Steven Hallam, University of British Columbia

  • CIFAR Scholar and Associate Professor, University of British Columbia
  • Department of Microbiology & Immunology, Life Sciences Institute
Steven Hallam

Steven Hallam, CIFAR Scholar and Associate Professor, University of British Columbia, Department of Microbiology & Immunology, Life Sciences Institute

I have collaborated with the JGI since 2002 before the CSP program came online. These collaborations have spanned my postdoctoral years with Ed DeLong [now at MIT: http://cee.mit.edu/delong] and my time as an independent investigator at the University of British Columbia. In 2002, the JGI was doing several pilot projects to explore environmental sequencing that included acid mines, eel river basin sediments and marine sponges. I worked with Nik Putnam closely on the sediment and sponge projects with some coding support from Jarrod Chapman and Sam Pitluck. (Hallam, S. J., Putnam, N. Preston, C.M., Detter, J.C., Richardson, P. M., Rokhsar, D., and E. F. DeLong. 2004. Reverse methanogenesis: testing the hypothesis with environmental genomics, Science, 305: 1457-1462.  http://www.sciencemag.org/content/305/5689/1457.full)

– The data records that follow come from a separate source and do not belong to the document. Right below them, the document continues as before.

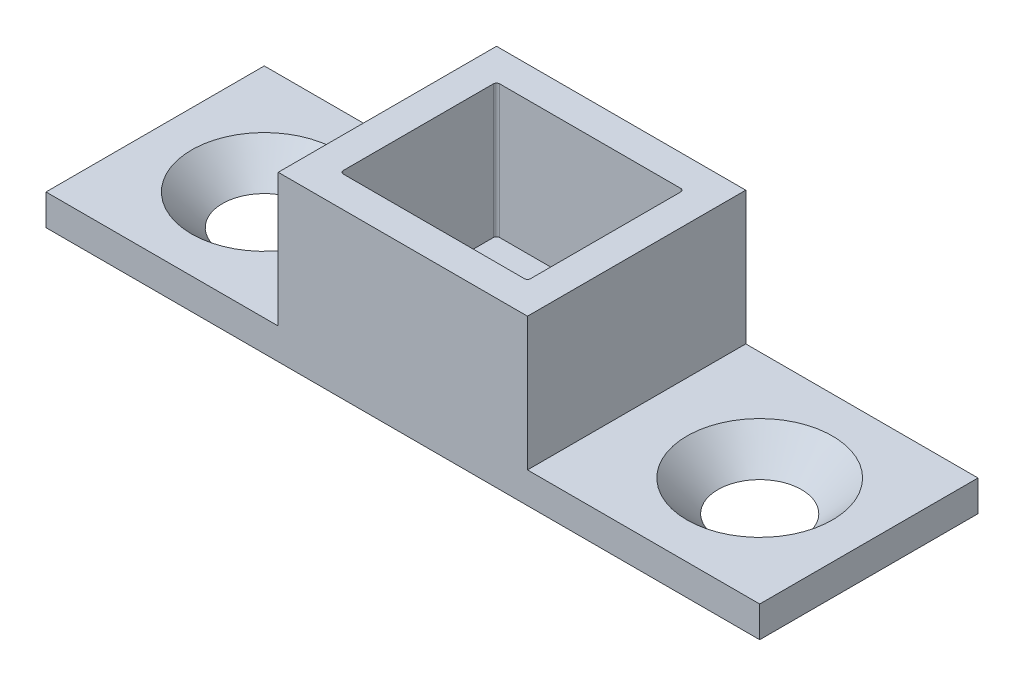
ISO-10303-21;
HEADER;
FILE_DESCRIPTION(('STEP AP214'),'2;1');
FILE_NAME('part.step','',(''),(''),'','','');
FILE_SCHEMA(('AUTOMOTIVE_DESIGN { 1 0 10303 214 1 1 1 1 }'));
ENDSEC;
DATA;
#1=APPLICATION_CONTEXT('core data for automotive mechanical design processes');
#2=APPLICATION_PROTOCOL_DEFINITION('international standard','automotive_design',2000,#1);
#3=PRODUCT_CONTEXT('',#1,'mechanical');
#4=PRODUCT('Part','Part','',(#3));
#5=PRODUCT_RELATED_PRODUCT_CATEGORY('part','',(#4));
#6=PRODUCT_DEFINITION_FORMATION('','',#4);
#7=PRODUCT_DEFINITION_CONTEXT('part definition',#1,'design');
#8=PRODUCT_DEFINITION('design','',#6,#7);
#9=PRODUCT_DEFINITION_SHAPE('','',#8);
#10=(LENGTH_UNIT() NAMED_UNIT(*) SI_UNIT(.MILLI.,.METRE.));
#11=(NAMED_UNIT(*) PLANE_ANGLE_UNIT() SI_UNIT($,.RADIAN.));
#12=(NAMED_UNIT(*) SI_UNIT($,.STERADIAN.) SOLID_ANGLE_UNIT());
#13=UNCERTAINTY_MEASURE_WITH_UNIT(LENGTH_MEASURE(1.E-05),#10,'distance_accuracy_value','');
#14=(GEOMETRIC_REPRESENTATION_CONTEXT(3) GLOBAL_UNCERTAINTY_ASSIGNED_CONTEXT((#13)) GLOBAL_UNIT_ASSIGNED_CONTEXT((#10,
#11,#12)) REPRESENTATION_CONTEXT('',''));
#15=CARTESIAN_POINT('',(0.,0.,0.));
#16=DIRECTION('',(0.,0.,1.));
#17=DIRECTION('',(1.,0.,0.));
#18=AXIS2_PLACEMENT_3D('',#15,#16,#17);
#19=CARTESIAN_POINT('',(-8.05,10.6,-7.05));
#20=DIRECTION('',(1.,0.,0.));
#21=DIRECTION('',(0.,0.,-1.));
#22=AXIS2_PLACEMENT_3D('',#19,#20,#21);
#23=PLANE('',#22);
#24=DIRECTION('',(0.,0.,-1.));
#25=VECTOR('',#24,1.);
#26=CARTESIAN_POINT('',(-8.05,2.,-7.05));
#27=LINE('',#26,#25);
#28=CARTESIAN_POINT('',(-8.05,2.,7.05));
#29=VERTEX_POINT('',#28);
#30=CARTESIAN_POINT('',(-8.05,2.,-7.05));
#31=VERTEX_POINT('',#30);
#32=EDGE_CURVE('E65',#29,#31,#27,.T.);
#33=ORIENTED_EDGE('',*,*,#32,.F.);
#34=DIRECTION('',(0.,-1.,0.));
#35=VECTOR('',#34,1.);
#36=CARTESIAN_POINT('',(-8.05,10.6,7.05));
#37=LINE('',#36,#35);
#38=CARTESIAN_POINT('',(-8.05,10.6,7.05));
#39=VERTEX_POINT('',#38);
#40=EDGE_CURVE('E176',#39,#29,#37,.T.);
#41=ORIENTED_EDGE('',*,*,#40,.F.);
#42=DIRECTION('',(0.,0.,1.));
#43=VECTOR('',#42,1.);
#44=CARTESIAN_POINT('',(-8.05,10.6,-7.05));
#45=LINE('',#44,#43);
#46=CARTESIAN_POINT('',(-8.05,10.6,-7.05));
#47=VERTEX_POINT('',#46);
#48=EDGE_CURVE('E257',#47,#39,#45,.T.);
#49=ORIENTED_EDGE('',*,*,#48,.F.);
#50=DIRECTION('',(0.,-1.,0.));
#51=VECTOR('',#50,1.);
#52=CARTESIAN_POINT('',(-8.05,10.6,-7.05));
#53=LINE('',#52,#51);
#54=EDGE_CURVE('E181',#47,#31,#53,.T.);
#55=ORIENTED_EDGE('',*,*,#54,.T.);
#56=EDGE_LOOP('',(#33,#41,#49,#55));
#57=FACE_BOUND('',#56,.T.);
#58=ADVANCED_FACE('F42',(#57),#23,.F.);
#59=CARTESIAN_POINT('',(0.,0.,0.));
#60=DIRECTION('',(0.,1.,0.));
#61=DIRECTION('',(0.,0.,1.));
#62=AXIS2_PLACEMENT_3D('',#59,#60,#61);
#63=PLANE('',#62);
#64=CARTESIAN_POINT('',(16.,0.,0.));
#65=DIRECTION('',(0.,1.,0.));
#66=DIRECTION('',(0.,0.,1.));
#67=AXIS2_PLACEMENT_3D('',#64,#65,#66);
#68=CIRCLE('',#67,2.7);
#69=CARTESIAN_POINT('',(16.,0.,2.7));
#70=VERTEX_POINT('',#69);
#71=EDGE_CURVE('E560',#70,#70,#68,.T.);
#72=ORIENTED_EDGE('',*,*,#71,.T.);
#73=EDGE_LOOP('',(#72));
#74=FACE_BOUND('',#73,.T.);
#75=CARTESIAN_POINT('',(-16.,0.,0.));
#76=DIRECTION('',(0.,1.,0.));
#77=DIRECTION('',(0.,0.,1.));
#78=AXIS2_PLACEMENT_3D('',#75,#76,#77);
#79=CIRCLE('',#78,2.7);
#80=CARTESIAN_POINT('',(-16.,0.,2.7));
#81=VERTEX_POINT('',#80);
#82=EDGE_CURVE('E286',#81,#81,#79,.T.);
#83=ORIENTED_EDGE('',*,*,#82,.T.);
#84=EDGE_LOOP('',(#83));
#85=FACE_BOUND('',#84,.T.);
#86=CARTESIAN_POINT('',(0.,0.,0.));
#87=DIRECTION('',(0.,1.,0.));
#88=DIRECTION('',(0.,0.,1.));
#89=AXIS2_PLACEMENT_3D('',#86,#87,#88);
#90=CIRCLE('',#89,2.25);
#91=CARTESIAN_POINT('',(0.,0.,2.25));
#92=VERTEX_POINT('',#91);
#93=EDGE_CURVE('E298',#92,#92,#90,.T.);
#94=ORIENTED_EDGE('',*,*,#93,.T.);
#95=EDGE_LOOP('',(#94));
#96=FACE_BOUND('',#95,.T.);
#97=CARTESIAN_POINT('',(4.5,0.,0.));
#98=DIRECTION('',(0.,-1.,0.));
#99=DIRECTION('',(0.,0.,-1.));
#100=AXIS2_PLACEMENT_3D('',#97,#98,#99);
#101=CIRCLE('',#100,2.);
#102=CARTESIAN_POINT('',(4.5,0.,-2.));
#103=VERTEX_POINT('',#102);
#104=EDGE_CURVE('E312',#103,#103,#101,.T.);
#105=ORIENTED_EDGE('',*,*,#104,.F.);
#106=EDGE_LOOP('',(#105));
#107=FACE_BOUND('',#106,.T.);
#108=DIRECTION('',(1.,0.,0.));
#109=VECTOR('',#108,1.);
#110=CARTESIAN_POINT('',(-8.05,0.,7.05));
#111=LINE('',#110,#109);
#112=CARTESIAN_POINT('',(-23.05,0.,7.05));
#113=VERTEX_POINT('',#112);
#114=CARTESIAN_POINT('',(23.05,0.,7.05));
#115=VERTEX_POINT('',#114);
#116=EDGE_CURVE('E247',#113,#115,#111,.T.);
#117=ORIENTED_EDGE('',*,*,#116,.F.);
#118=DIRECTION('',(0.,0.,1.));
#119=VECTOR('',#118,1.);
#120=CARTESIAN_POINT('',(-23.05,0.,-7.05));
#121=LINE('',#120,#119);
#122=CARTESIAN_POINT('',(-23.05,0.,-7.05));
#123=VERTEX_POINT('',#122);
#124=EDGE_CURVE('E283',#123,#113,#121,.T.);
#125=ORIENTED_EDGE('',*,*,#124,.F.);
#126=DIRECTION('',(-1.,0.,0.));
#127=VECTOR('',#126,1.);
#128=CARTESIAN_POINT('',(-8.05,0.,-7.05));
#129=LINE('',#128,#127);
#130=CARTESIAN_POINT('',(23.05,0.,-7.05));
#131=VERTEX_POINT('',#130);
#132=EDGE_CURVE('E249',#131,#123,#129,.T.);
#133=ORIENTED_EDGE('',*,*,#132,.F.);
#134=DIRECTION('',(0.,0.,1.));
#135=VECTOR('',#134,1.);
#136=CARTESIAN_POINT('',(23.05,0.,-7.05));
#137=LINE('',#136,#135);
#138=EDGE_CURVE('E163',#131,#115,#137,.T.);
#139=ORIENTED_EDGE('',*,*,#138,.T.);
#140=EDGE_LOOP('',(#117,#125,#133,#139));
#141=FACE_BOUND('',#140,.T.);
#142=CARTESIAN_POINT('',(-4.5,0.,0.));
#143=DIRECTION('',(0.,-1.,0.));
#144=DIRECTION('',(0.,0.,-1.));
#145=AXIS2_PLACEMENT_3D('',#142,#143,#144);
#146=CIRCLE('',#145,2.);
#147=CARTESIAN_POINT('',(-4.5,0.,-2.));
#148=VERTEX_POINT('',#147);
#149=EDGE_CURVE('E301',#148,#148,#146,.T.);
#150=ORIENTED_EDGE('',*,*,#149,.F.);
#151=EDGE_LOOP('',(#150));
#152=FACE_BOUND('',#151,.T.);
#153=ADVANCED_FACE('F355',(#74,#85,#96,#107,#141,#152),#63,.F.);
#154=CARTESIAN_POINT('',(-8.05,10.6,7.05));
#155=DIRECTION('',(0.,0.,-1.));
#156=DIRECTION('',(-1.,0.,0.));
#157=AXIS2_PLACEMENT_3D('',#154,#155,#156);
#158=PLANE('',#157);
#159=ORIENTED_EDGE('',*,*,#116,.T.);
#160=DIRECTION('',(0.,-1.,0.));
#161=VECTOR('',#160,1.);
#162=CARTESIAN_POINT('',(23.05,2.,7.05));
#163=LINE('',#162,#161);
#164=CARTESIAN_POINT('',(23.05,2.,7.05));
#165=VERTEX_POINT('',#164);
#166=EDGE_CURVE('E171',#165,#115,#163,.T.);
#167=ORIENTED_EDGE('',*,*,#166,.F.);
#168=DIRECTION('',(-1.,0.,0.));
#169=VECTOR('',#168,1.);
#170=CARTESIAN_POINT('',(8.05,2.,7.05));
#171=LINE('',#170,#169);
#172=CARTESIAN_POINT('',(8.05,2.,7.05));
#173=VERTEX_POINT('',#172);
#174=EDGE_CURVE('E157',#165,#173,#171,.T.);
#175=ORIENTED_EDGE('',*,*,#174,.T.);
#176=DIRECTION('',(0.,-1.,0.));
#177=VECTOR('',#176,1.);
#178=CARTESIAN_POINT('',(8.05,10.6,7.05));
#179=LINE('',#178,#177);
#180=CARTESIAN_POINT('',(8.05,10.6,7.05));
#181=VERTEX_POINT('',#180);
#182=EDGE_CURVE('E168',#181,#173,#179,.T.);
#183=ORIENTED_EDGE('',*,*,#182,.F.);
#184=DIRECTION('',(1.,0.,0.));
#185=VECTOR('',#184,1.);
#186=CARTESIAN_POINT('',(-8.05,10.6,7.05));
#187=LINE('',#186,#185);
#188=EDGE_CURVE('E260',#39,#181,#187,.T.);
#189=ORIENTED_EDGE('',*,*,#188,.F.);
#190=ORIENTED_EDGE('',*,*,#40,.T.);
#191=DIRECTION('',(1.,0.,0.));
#192=VECTOR('',#191,1.);
#193=CARTESIAN_POINT('',(-8.05,2.,7.05));
#194=LINE('',#193,#192);
#195=CARTESIAN_POINT('',(-23.05,2.,7.05));
#196=VERTEX_POINT('',#195);
#197=EDGE_CURVE('E282',#196,#29,#194,.T.);
#198=ORIENTED_EDGE('',*,*,#197,.F.);
#199=DIRECTION('',(0.,-1.,0.));
#200=VECTOR('',#199,1.);
#201=CARTESIAN_POINT('',(-23.05,2.,7.05));
#202=LINE('',#201,#200);
#203=EDGE_CURVE('E292',#196,#113,#202,.T.);
#204=ORIENTED_EDGE('',*,*,#203,.T.);
#205=EDGE_LOOP('',(#159,#167,#175,#183,#189,#190,#198,#204));
#206=FACE_BOUND('',#205,.T.);
#207=ADVANCED_FACE('F167',(#206),#158,.F.);
#208=CARTESIAN_POINT('',(8.05,10.6,-7.05));
#209=DIRECTION('',(-1.,0.,0.));
#210=DIRECTION('',(0.,0.,1.));
#211=AXIS2_PLACEMENT_3D('',#208,#209,#210);
#212=PLANE('',#211);
#213=ORIENTED_EDGE('',*,*,#182,.T.);
#214=DIRECTION('',(0.,0.,-1.));
#215=VECTOR('',#214,1.);
#216=CARTESIAN_POINT('',(8.05,2.,-7.05));
#217=LINE('',#216,#215);
#218=CARTESIAN_POINT('',(8.05,2.,-7.05));
#219=VERTEX_POINT('',#218);
#220=EDGE_CURVE('E154',#173,#219,#217,.T.);
#221=ORIENTED_EDGE('',*,*,#220,.T.);
#222=DIRECTION('',(0.,-1.,0.));
#223=VECTOR('',#222,1.);
#224=CARTESIAN_POINT('',(8.05,10.6,-7.05));
#225=LINE('',#224,#223);
#226=CARTESIAN_POINT('',(8.05,10.6,-7.05));
#227=VERTEX_POINT('',#226);
#228=EDGE_CURVE('E177',#227,#219,#225,.T.);
#229=ORIENTED_EDGE('',*,*,#228,.F.);
#230=DIRECTION('',(0.,0.,-1.));
#231=VECTOR('',#230,1.);
#232=CARTESIAN_POINT('',(8.05,10.6,-7.05));
#233=LINE('',#232,#231);
#234=EDGE_CURVE('E175',#181,#227,#233,.T.);
#235=ORIENTED_EDGE('',*,*,#234,.F.);
#236=EDGE_LOOP('',(#213,#221,#229,#235));
#237=FACE_BOUND('',#236,.T.);
#238=ADVANCED_FACE('F174',(#237),#212,.F.);
#239=CARTESIAN_POINT('',(-8.05,10.6,-7.05));
#240=DIRECTION('',(0.,0.,1.));
#241=DIRECTION('',(1.,0.,0.));
#242=AXIS2_PLACEMENT_3D('',#239,#240,#241);
#243=PLANE('',#242);
#244=ORIENTED_EDGE('',*,*,#132,.T.);
#245=DIRECTION('',(0.,-1.,0.));
#246=VECTOR('',#245,1.);
#247=CARTESIAN_POINT('',(-23.05,2.,-7.05));
#248=LINE('',#247,#246);
#249=CARTESIAN_POINT('',(-23.05,2.,-7.05));
#250=VERTEX_POINT('',#249);
#251=EDGE_CURVE('E274',#250,#123,#248,.T.);
#252=ORIENTED_EDGE('',*,*,#251,.F.);
#253=DIRECTION('',(-1.,0.,0.));
#254=VECTOR('',#253,1.);
#255=CARTESIAN_POINT('',(-8.05,2.,-7.05));
#256=LINE('',#255,#254);
#257=EDGE_CURVE('E271',#31,#250,#256,.T.);
#258=ORIENTED_EDGE('',*,*,#257,.F.);
#259=ORIENTED_EDGE('',*,*,#54,.F.);
#260=DIRECTION('',(-1.,0.,0.));
#261=VECTOR('',#260,1.);
#262=CARTESIAN_POINT('',(-8.05,10.6,-7.05));
#263=LINE('',#262,#261);
#264=EDGE_CURVE('E263',#227,#47,#263,.T.);
#265=ORIENTED_EDGE('',*,*,#264,.F.);
#266=ORIENTED_EDGE('',*,*,#228,.T.);
#267=DIRECTION('',(1.,0.,0.));
#268=VECTOR('',#267,1.);
#269=CARTESIAN_POINT('',(8.05,2.,-7.05));
#270=LINE('',#269,#268);
#271=CARTESIAN_POINT('',(23.05,2.,-7.05));
#272=VERTEX_POINT('',#271);
#273=EDGE_CURVE('E57',#219,#272,#270,.T.);
#274=ORIENTED_EDGE('',*,*,#273,.T.);
#275=DIRECTION('',(0.,-1.,0.));
#276=VECTOR('',#275,1.);
#277=CARTESIAN_POINT('',(23.05,2.,-7.05));
#278=LINE('',#277,#276);
#279=EDGE_CURVE('E569',#272,#131,#278,.T.);
#280=ORIENTED_EDGE('',*,*,#279,.T.);
#281=EDGE_LOOP('',(#244,#252,#258,#259,#265,#266,#274,#280));
#282=FACE_BOUND('',#281,.T.);
#283=ADVANCED_FACE('F272',(#282),#243,.F.);
#284=CARTESIAN_POINT('',(0.,10.6,0.));
#285=DIRECTION('',(0.,1.,0.));
#286=DIRECTION('',(0.,0.,1.));
#287=AXIS2_PLACEMENT_3D('',#284,#285,#286);
#288=PLANE('',#287);
#289=DIRECTION('',(0.,0.,1.));
#290=VECTOR('',#289,1.);
#291=CARTESIAN_POINT('',(-6.05,10.6,-5.05));
#292=LINE('',#291,#290);
#293=CARTESIAN_POINT('',(-6.05,10.6,-4.85));
#294=VERTEX_POINT('',#293);
#295=CARTESIAN_POINT('',(-6.05,10.6,4.85));
#296=VERTEX_POINT('',#295);
#297=EDGE_CURVE('E221',#294,#296,#292,.T.);
#298=ORIENTED_EDGE('',*,*,#297,.F.);
#299=CARTESIAN_POINT('',(-5.85,10.6,-4.85));
#300=DIRECTION('',(0.,1.,0.));
#301=DIRECTION('',(0.,0.,1.));
#302=AXIS2_PLACEMENT_3D('',#299,#300,#301);
#303=CIRCLE('',#302,0.2);
#304=CARTESIAN_POINT('',(-5.85,10.6,-5.05));
#305=VERTEX_POINT('',#304);
#306=EDGE_CURVE('E212',#294,#305,#303,.F.);
#307=ORIENTED_EDGE('',*,*,#306,.T.);
#308=DIRECTION('',(-1.,0.,0.));
#309=VECTOR('',#308,1.);
#310=CARTESIAN_POINT('',(-6.05,10.6,-5.05));
#311=LINE('',#310,#309);
#312=CARTESIAN_POINT('',(5.85,10.6,-5.05));
#313=VERTEX_POINT('',#312);
#314=EDGE_CURVE('E255',#313,#305,#311,.T.);
#315=ORIENTED_EDGE('',*,*,#314,.F.);
#316=CARTESIAN_POINT('',(5.85,10.6,-4.85));
#317=DIRECTION('',(0.,1.,0.));
#318=DIRECTION('',(0.,0.,1.));
#319=AXIS2_PLACEMENT_3D('',#316,#317,#318);
#320=CIRCLE('',#319,0.2);
#321=CARTESIAN_POINT('',(6.05,10.6,-4.85));
#322=VERTEX_POINT('',#321);
#323=EDGE_CURVE('E214',#313,#322,#320,.F.);
#324=ORIENTED_EDGE('',*,*,#323,.T.);
#325=DIRECTION('',(0.,0.,-1.));
#326=VECTOR('',#325,1.);
#327=CARTESIAN_POINT('',(6.05,10.6,-5.05));
#328=LINE('',#327,#326);
#329=CARTESIAN_POINT('',(6.05,10.6,4.85));
#330=VERTEX_POINT('',#329);
#331=EDGE_CURVE('E325',#330,#322,#328,.T.);
#332=ORIENTED_EDGE('',*,*,#331,.F.);
#333=CARTESIAN_POINT('',(5.85,10.6,4.85));
#334=DIRECTION('',(0.,1.,0.));
#335=DIRECTION('',(0.,0.,1.));
#336=AXIS2_PLACEMENT_3D('',#333,#334,#335);
#337=CIRCLE('',#336,0.2);
#338=CARTESIAN_POINT('',(5.85,10.6,5.05));
#339=VERTEX_POINT('',#338);
#340=EDGE_CURVE('E12',#330,#339,#337,.F.);
#341=ORIENTED_EDGE('',*,*,#340,.T.);
#342=DIRECTION('',(1.,0.,0.));
#343=VECTOR('',#342,1.);
#344=CARTESIAN_POINT('',(-6.05,10.6,5.05));
#345=LINE('',#344,#343);
#346=CARTESIAN_POINT('',(-5.85,10.6,5.05));
#347=VERTEX_POINT('',#346);
#348=EDGE_CURVE('E223',#347,#339,#345,.T.);
#349=ORIENTED_EDGE('',*,*,#348,.F.);
#350=CARTESIAN_POINT('',(-5.85,10.6,4.85));
#351=DIRECTION('',(0.,1.,0.));
#352=DIRECTION('',(0.,0.,1.));
#353=AXIS2_PLACEMENT_3D('',#350,#351,#352);
#354=CIRCLE('',#353,0.2);
#355=EDGE_CURVE('E50',#347,#296,#354,.F.);
#356=ORIENTED_EDGE('',*,*,#355,.T.);
#357=EDGE_LOOP('',(#298,#307,#315,#324,#332,#341,#349,#356));
#358=FACE_BOUND('',#357,.T.);
#359=ORIENTED_EDGE('',*,*,#48,.T.);
#360=ORIENTED_EDGE('',*,*,#188,.T.);
#361=ORIENTED_EDGE('',*,*,#234,.T.);
#362=ORIENTED_EDGE('',*,*,#264,.T.);
#363=EDGE_LOOP('',(#359,#360,#361,#362));
#364=FACE_BOUND('',#363,.T.);
#365=ADVANCED_FACE('F219',(#358,#364),#288,.T.);
#366=CARTESIAN_POINT('',(-6.05,-15.7613451202618,-5.05));
#367=DIRECTION('',(-1.,0.,0.));
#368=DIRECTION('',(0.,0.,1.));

Over the years I have worked on projects that explored the genomic potential of anaerobic methane oxidizing Archaea and the symbiotic thaumarchaeota Cenarchaeum symbiosum as well as more community based studies focused on microbial community structure and function in expanding marine oxygen minimum zones and long term soil productivity sites across north American ecozones. I have also participated in single-cell genomic studies exploring microbial dark matter from both metabolic reconstruction and technology development perspectives.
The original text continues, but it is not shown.